(61 days)
The Kasha Visual Field System should be used to test the visual field of the human eye.
Not Found
I am sorry, but the provided text does not contain the detailed information necessary to answer your request about acceptance criteria and the study that proves the device meets them. The document is a 510(k) clearance letter for the "Kasha Visual Field System" from the FDA, dated May 28, 1997.
This letter primarily states that the device has been found substantially equivalent to a predicate device and can, therefore, be marketed. It does not include:
- A table of acceptance criteria or reported device performance.
- Details about sample sizes, data provenance, or study design.
- Information on expert ground truth establishment, adjudication methods, or MRMC studies.
- Details about standalone algorithm performance.
- The type of ground truth used.
- Sample size or ground truth establishment for the training set.
The document focuses on the regulatory clearance based on substantial equivalence, rather than providing the performance study details for the device.
§ 886.1605 Perimeter.
(a)
Identification. A perimeter is an AC-powered or manual device intended to determine the extent of the peripheral visual field of a patient. The device projects light on various points of a curved surface, and the patient indicates whether he or she sees the light.(b)
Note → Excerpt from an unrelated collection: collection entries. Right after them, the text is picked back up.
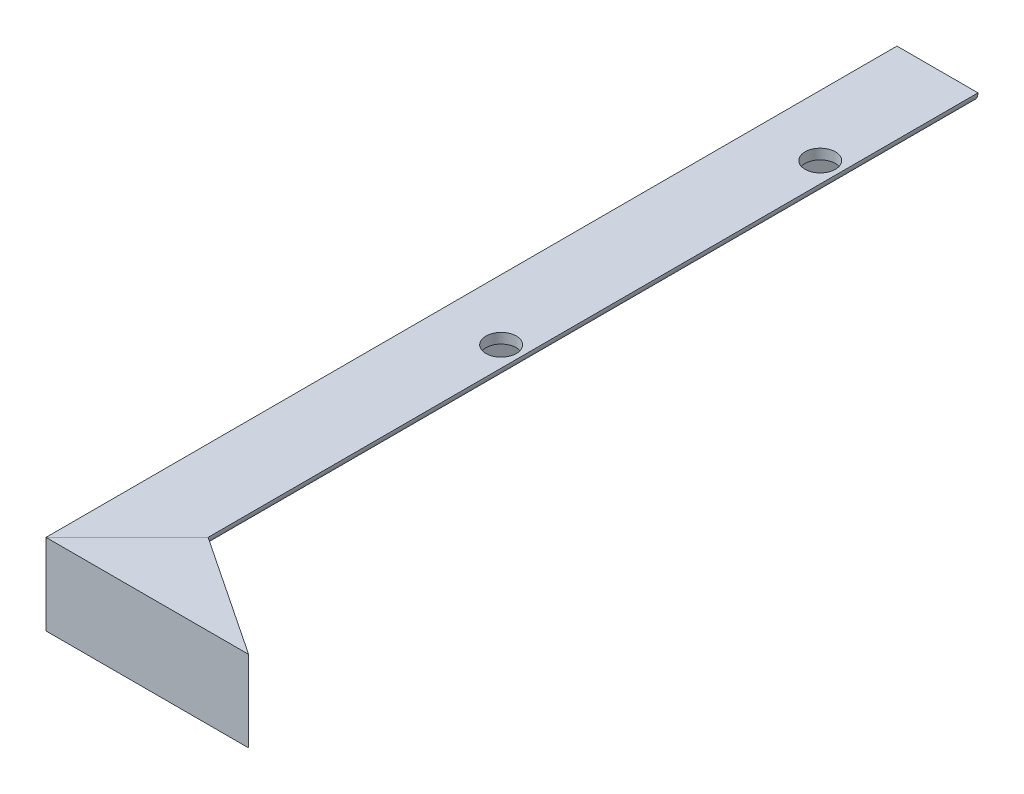
ISO-10303-21;
HEADER;
FILE_DESCRIPTION(('STEP AP214'),'2;1');
FILE_NAME('part.step','',(''),(''),'','','');
FILE_SCHEMA(('AUTOMOTIVE_DESIGN { 1 0 10303 214 1 1 1 1 }'));
ENDSEC;
DATA;
#1=APPLICATION_CONTEXT('core data for automotive mechanical design processes');
#2=APPLICATION_PROTOCOL_DEFINITION('international standard','automotive_design',2000,#1);
#3=PRODUCT_CONTEXT('',#1,'mechanical');
#4=PRODUCT('Part','Part','',(#3));
#5=PRODUCT_RELATED_PRODUCT_CATEGORY('part','',(#4));
#6=PRODUCT_DEFINITION_FORMATION('','',#4);
#7=PRODUCT_DEFINITION_CONTEXT('part definition',#1,'design');
#8=PRODUCT_DEFINITION('design','',#6,#7);
#9=PRODUCT_DEFINITION_SHAPE('','',#8);
#10=(LENGTH_UNIT() NAMED_UNIT(*) SI_UNIT(.MILLI.,.METRE.));
#11=(NAMED_UNIT(*) PLANE_ANGLE_UNIT() SI_UNIT($,.RADIAN.));
#12=(NAMED_UNIT(*) SI_UNIT($,.STERADIAN.) SOLID_ANGLE_UNIT());
#13=UNCERTAINTY_MEASURE_WITH_UNIT(LENGTH_MEASURE(1.E-05),#10,'distance_accuracy_value','');
#14=(GEOMETRIC_REPRESENTATION_CONTEXT(3) GLOBAL_UNCERTAINTY_ASSIGNED_CONTEXT((#13)) GLOBAL_UNIT_ASSIGNED_CONTEXT((#10,
#11,#12)) REPRESENTATION_CONTEXT('',''));
#15=CARTESIAN_POINT('',(0.,0.,0.));
#16=DIRECTION('',(0.,0.,1.));
#17=DIRECTION('',(1.,0.,0.));
#18=AXIS2_PLACEMENT_3D('',#15,#16,#17);
#19=CARTESIAN_POINT('',(5.27355936696949E-13,-50.8,0.));
#20=DIRECTION('',(1.,0.,0.));
#21=DIRECTION('',(0.,1.,0.));
#22=AXIS2_PLACEMENT_3D('',#19,#20,#21);
#23=PLANE('',#22);
#24=DIRECTION('',(0.,-1.,0.));
#25=VECTOR('',#24,1.);
#26=CARTESIAN_POINT('',(5.27355936696949E-13,-50.8,-5.27355936696949E-13));
#27=LINE('',#26,#25);
#28=CARTESIAN_POINT('',(0.,0.,0.));
#29=VERTEX_POINT('',#28);
#30=CARTESIAN_POINT('',(5.27355936696949E-13,-50.8,-5.27355936696949E-13));
#31=VERTEX_POINT('',#30);
#32=EDGE_CURVE('E252',#29,#31,#27,.T.);
#33=ORIENTED_EDGE('',*,*,#32,.F.);
#34=DIRECTION('',(0.,0.,-1.));
#35=VECTOR('',#34,1.);
#36=CARTESIAN_POINT('',(0.,0.,0.));
#37=LINE('',#36,#35);
#38=CARTESIAN_POINT('',(0.,0.,-533.4));
#39=VERTEX_POINT('',#38);
#40=EDGE_CURVE('E84',#29,#39,#37,.T.);
#41=ORIENTED_EDGE('',*,*,#40,.T.);
#42=DIRECTION('',(0.,-1.,0.));
#43=VECTOR('',#42,1.);
#44=CARTESIAN_POINT('',(5.27355936696949E-13,-50.8,-533.4));
#45=LINE('',#44,#43);
#46=CARTESIAN_POINT('',(5.27355936696949E-13,-50.8,-533.4));
#47=VERTEX_POINT('',#46);
#48=EDGE_CURVE('E227',#39,#47,#45,.T.);
#49=ORIENTED_EDGE('',*,*,#48,.T.);
#50=DIRECTION('',(0.,0.,-1.));
#51=VECTOR('',#50,1.);
#52=CARTESIAN_POINT('',(5.27355936696949E-13,-50.8,0.));
#53=LINE('',#52,#51);
#54=EDGE_CURVE('E226',#31,#47,#53,.T.);
#55=ORIENTED_EDGE('',*,*,#54,.F.);
#56=EDGE_LOOP('',(#33,#41,#49,#55));
#57=FACE_BOUND('',#56,.T.);
#58=ADVANCED_FACE('F80',(#57),#23,.F.);
#59=CARTESIAN_POINT('',(0.00508000000054576,-50.8,0.));
#60=DIRECTION('',(0.,1.,0.));
#61=DIRECTION('',(0.,0.,1.));
#62=AXIS2_PLACEMENT_3D('',#59,#60,#61);
#63=PLANE('',#62);
#64=DIRECTION('',(0.707106781186548,0.,-0.707106781186547));
#65=VECTOR('',#64,1.);
#66=CARTESIAN_POINT('',(0.00254000000027288,-50.8,-0.00254000000027288));
#67=LINE('',#66,#65);
#68=CARTESIAN_POINT('',(0.005080000000518,-50.8,-0.005080000000518));
#69=VERTEX_POINT('',#68);
#70=EDGE_CURVE('E248',#31,#69,#67,.T.);
#71=ORIENTED_EDGE('',*,*,#70,.F.);
#72=ORIENTED_EDGE('',*,*,#54,.T.);
#73=DIRECTION('',(1.,0.,0.));
#74=VECTOR('',#73,1.);
#75=CARTESIAN_POINT('',(0.00508000000054576,-50.8,-533.4));
#76=LINE('',#75,#74);
#77=CARTESIAN_POINT('',(0.005080000000518,-50.8,-533.4));
#78=VERTEX_POINT('',#77);
#79=EDGE_CURVE('E222',#47,#78,#76,.T.);
#80=ORIENTED_EDGE('',*,*,#79,.T.);
#81=DIRECTION('',(0.,0.,-1.));
#82=VECTOR('',#81,1.);
#83=CARTESIAN_POINT('',(0.005080000000518,-50.8,0.));
#84=LINE('',#83,#82);
#85=EDGE_CURVE('E221',#69,#78,#84,.T.);
#86=ORIENTED_EDGE('',*,*,#85,.F.);
#87=EDGE_LOOP('',(#71,#72,#80,#86));
#88=FACE_BOUND('',#87,.T.);
#89=ADVANCED_FACE('F309',(#88),#63,.F.);
#90=CARTESIAN_POINT('',(0.00508000000046249,-44.45508,0.));
#91=DIRECTION('',(0.,0.,-1.));
#92=DIRECTION('',(-1.,0.,0.));
#93=AXIS2_PLACEMENT_3D('',#90,#91,#92);
#94=CYLINDRICAL_SURFACE('',#93,6.34492);
#95=CARTESIAN_POINT('',(0.00508000000046249,-44.45508,-0.00508000000046249));
#96=DIRECTION('',(0.707106781186547,0.,0.707106781186548));
#97=DIRECTION('',(0.707106781186548,0.,-0.707106781186547));
#98=AXIS2_PLACEMENT_3D('',#95,#96,#97);
#99=ELLIPSE('',#98,8.97307191617229,6.34492);
#100=CARTESIAN_POINT('',(6.35000000000047,-44.4550799999999,-6.35000000000027));
#101=VERTEX_POINT('',#100);
#102=EDGE_CURVE('E244',#69,#101,#99,.T.);
#103=ORIENTED_EDGE('',*,*,#102,.F.);
#104=ORIENTED_EDGE('',*,*,#85,.T.);
#105=CARTESIAN_POINT('',(0.00508000000046249,-44.45508,-533.4));
#106=DIRECTION('',(0.,0.,1.));
#107=DIRECTION('',(1.,0.,0.));
#108=AXIS2_PLACEMENT_3D('',#105,#106,#107);
#109=CIRCLE('',#108,6.34492);
#110=CARTESIAN_POINT('',(6.35000000000047,-44.4550799999999,-533.4));
#111=VERTEX_POINT('',#110);
#112=EDGE_CURVE('E217',#78,#111,#109,.T.);
#113=ORIENTED_EDGE('',*,*,#112,.T.);
#114=DIRECTION('',(0.,0.,-1.));
#115=VECTOR('',#114,1.);
#116=CARTESIAN_POINT('',(6.35000000000047,-44.4550799999999,0.));
#117=LINE('',#116,#115);
#118=EDGE_CURVE('E216',#101,#111,#117,.T.);
#119=ORIENTED_EDGE('',*,*,#118,.F.);
#120=EDGE_LOOP('',(#103,#104,#113,#119));
#121=FACE_BOUND('',#120,.T.);
#122=ADVANCED_FACE('F289',(#121),#94,.T.);
#123=CARTESIAN_POINT('',(6.35000000000011,-11.1124999999999,0.));
#124=DIRECTION('',(-1.,0.,0.));
#125=DIRECTION('',(0.,-1.,0.));
#126=AXIS2_PLACEMENT_3D('',#123,#124,#125);
#127=PLANE('',#126);
#128=DIRECTION('',(0.,1.,0.));
#129=VECTOR('',#128,1.);
#130=CARTESIAN_POINT('',(6.35000000000011,-11.1124999999999,-6.35000000000011));
#131=LINE('',#130,#129);
#132=CARTESIAN_POINT('',(6.35000000000011,-11.1124999999999,-6.35000000000011));
#133=VERTEX_POINT('',#132);
#134=EDGE_CURVE('E240',#101,#133,#131,.T.);
#135=ORIENTED_EDGE('',*,*,#134,.F.);
#136=ORIENTED_EDGE('',*,*,#118,.T.);
#137=DIRECTION('',(0.,1.,0.));
#138=VECTOR('',#137,1.);
#139=CARTESIAN_POINT('',(6.35000000000011,-11.1124999999999,-533.4));
#140=LINE('',#139,#138);
#141=CARTESIAN_POINT('',(6.35000000000011,-11.1124999999999,-533.4));
#142=VERTEX_POINT('',#141);
#143=EDGE_CURVE('E212',#111,#142,#140,.T.);
#144=ORIENTED_EDGE('',*,*,#143,.T.);
#145=DIRECTION('',(0.,0.,-1.));
#146=VECTOR('',#145,1.);
#147=CARTESIAN_POINT('',(6.35000000000011,-11.1124999999999,0.));
#148=LINE('',#147,#146);
#149=EDGE_CURVE('E211',#133,#142,#148,.T.);
#150=ORIENTED_EDGE('',*,*,#149,.F.);
#151=EDGE_LOOP('',(#135,#136,#144,#150));
#152=FACE_BOUND('',#151,.T.);
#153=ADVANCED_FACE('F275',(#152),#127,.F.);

Classification. Class I (general controls). The device is exempt from the premarket notification procedures in subpart E of part 807 of this chapter, subject to the limitations in § 886.9. The device is also exempt from the current good manufacturing practice requirements of the quality system regulation in part 820 of this chapter, with the exception of § 820.180, with respect to general requirements concerning records, and § 820.198, with respect to complaint files.